I have a series of measurements of a signal source, which emits a periodic signal at an unknown interval time of
p seconds. Detecting the signal is not easy so I am missing quite a few signals in the data. Data is also noisy so there are errors in the data of up to +/- 10% per signal.
x might look like this:
72.3, 185.1, 364.2, 570.2, 679.2, 1060.7
The result I am looking for, is the period hidden in the measurments,
p = ~100 in this example case and possibly the best offset
c = ~70.
Typically I have 4-7 measurements in a series I would like to analyse, so it seems an analytic answer is more appropriate than a sound analysis (FFT).
Ideas I have considered:
- Non-linear optimization such that we optimize for
x = n * p + c. Levenberg-Marquart should do the trick.
- Building a histogram of difference between consecutive measurements and picking the average of the fullest bin.

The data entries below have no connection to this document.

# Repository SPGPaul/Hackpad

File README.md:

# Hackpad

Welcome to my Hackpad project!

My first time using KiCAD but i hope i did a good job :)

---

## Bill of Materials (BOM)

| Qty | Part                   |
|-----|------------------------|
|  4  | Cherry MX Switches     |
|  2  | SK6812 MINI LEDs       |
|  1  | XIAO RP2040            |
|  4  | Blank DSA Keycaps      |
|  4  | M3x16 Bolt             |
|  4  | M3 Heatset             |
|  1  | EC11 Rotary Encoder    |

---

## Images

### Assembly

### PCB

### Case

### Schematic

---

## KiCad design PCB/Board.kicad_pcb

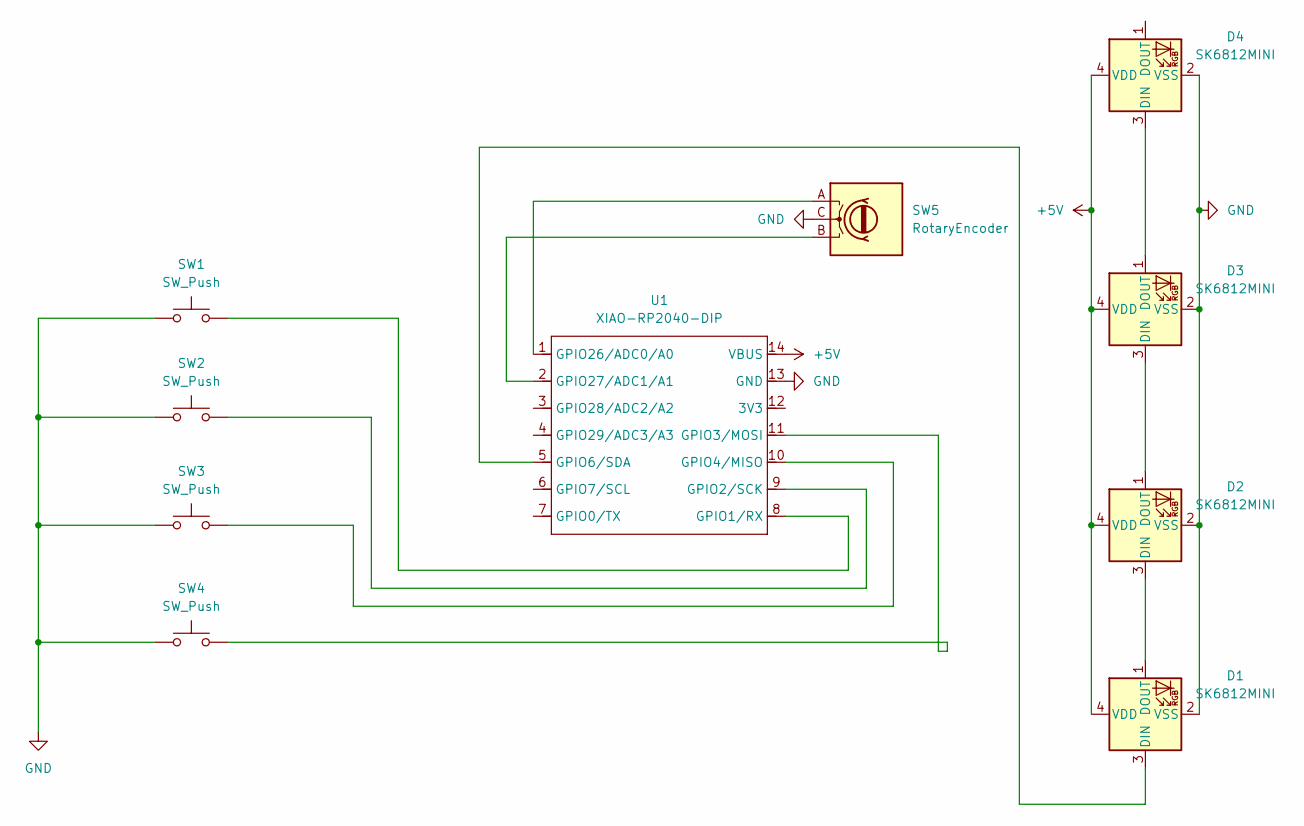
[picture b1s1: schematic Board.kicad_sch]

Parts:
D1, D2, D3, D4: SK6812MINI; LED_SK6812MINI_PLCC4_3.5x3.5mm_P1.75mm
SW1, SW2, SW3, SW4: SW_Push; SW_Cherry_MX_1.00u_PCB
SW5: RotaryEncoder; RotaryEncoder_Alps_EC11E-Switch_Vertical_H20mm
U1: XIAO-RP2040-DIP

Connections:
+5V: D1.4 (VDD), D2.4 (VDD), D3.4 (VDD), D4.4 (VDD), U1.14 (VBUS)
GND: D1.2 (VSS), D2.2 (VSS), D3.2 (VSS), D4.2 (VSS), SW1.1, SW2.1, SW3.1, SW4.1, SW5.C, U1.13 (GND)
unnamed: D1.3 (DIN), U1.5 (GPIO6/SDA)
unnamed: D1.1 (DOUT), D2.3 (DIN)
unnamed: D2.1 (DOUT), D3.3 (DIN)
unnamed: D3.1 (DOUT), D4.3 (DIN)
unnamed: SW1.2, U1.8 (GPIO1/RX)
unnamed: SW2.2, U1.9 (GPIO2/SCK)
unnamed: SW4.2, U1.11 (GPIO3/MOSI)
unnamed: SW3.2, U1.10 (GPIO4/MISO)
unnamed: SW5.A, U1.1 (GPIO26/ADC0/A0)
unnamed: SW5.B, U1.2 (GPIO27/ADC1/A1)

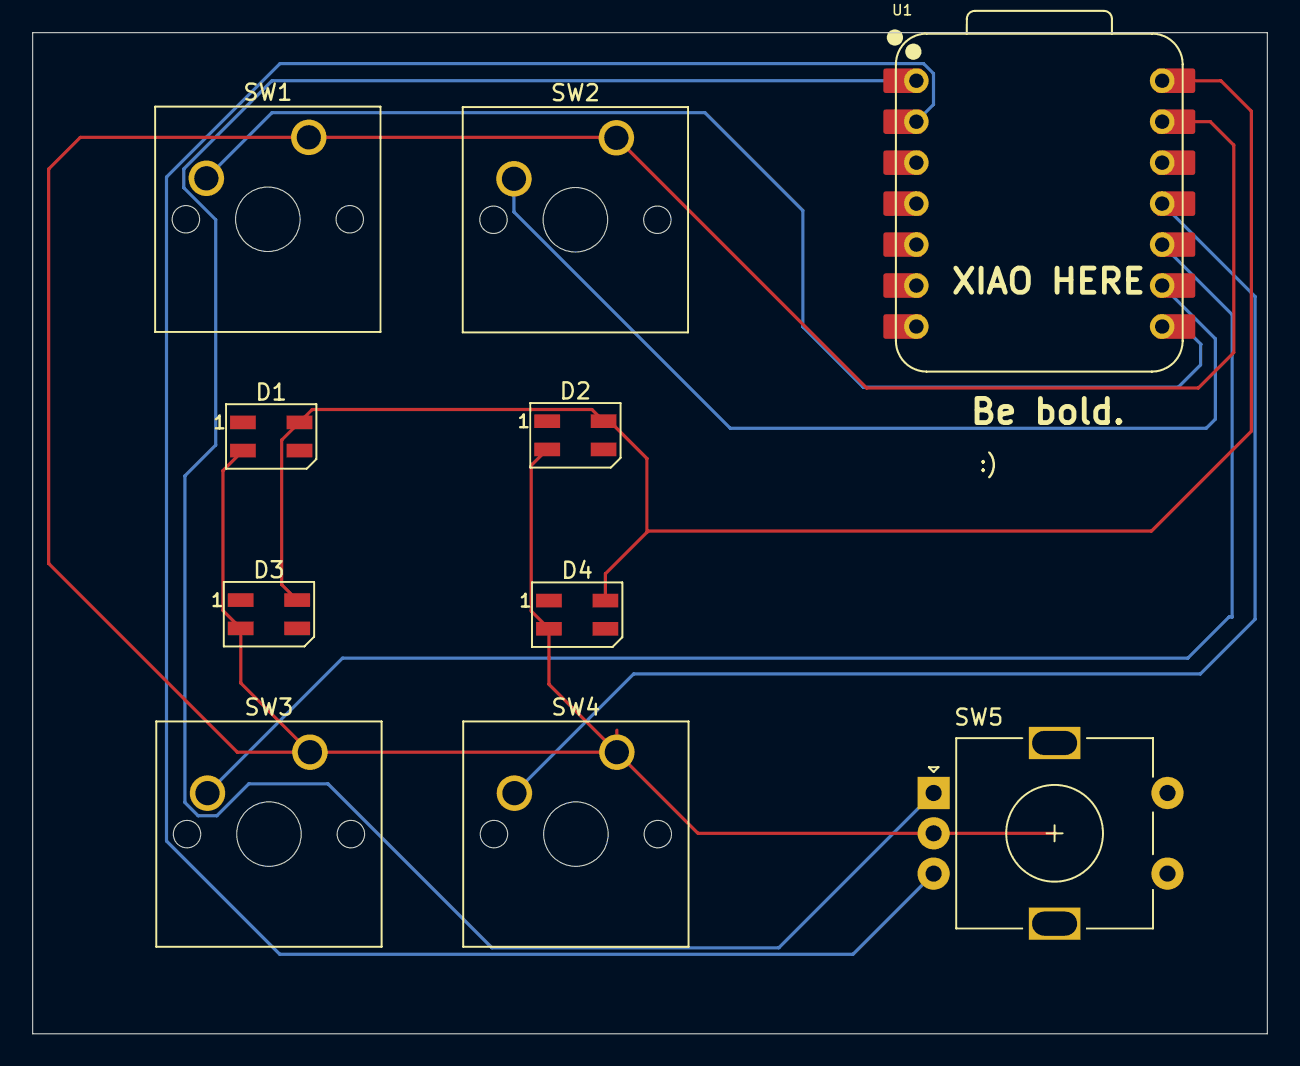
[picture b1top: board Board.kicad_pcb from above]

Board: 2 copper layers, 76.5 x 62.1 mm, 10 parts (0 on the bottom side), 12 nets.

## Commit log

2025-12-06 added kicad files
2025-12-06 added cad
2025-12-06 added firmware
2025-12-06 Revise README by removing initial content
    Removed initial description and BOM list.
2025-12-08 updated pcb text

- Floating point GCD https://stackoverflow.com/questions/445113/approximate-greatest-common-divisor
But I am very unsure whether I might have missed an obvious solution from the sound analysis camp (autocorrelation, Harmonic Spectrum Product, DFT, e.g. https://stackoverflow.com/questions/4716620/algorithm-to-determine-fundamental-frequency-from-potential-harmonics).
So I am turning to the wisdom of SO. How would you go about solving this problem most elegantly? Library suggestions are fine (C++).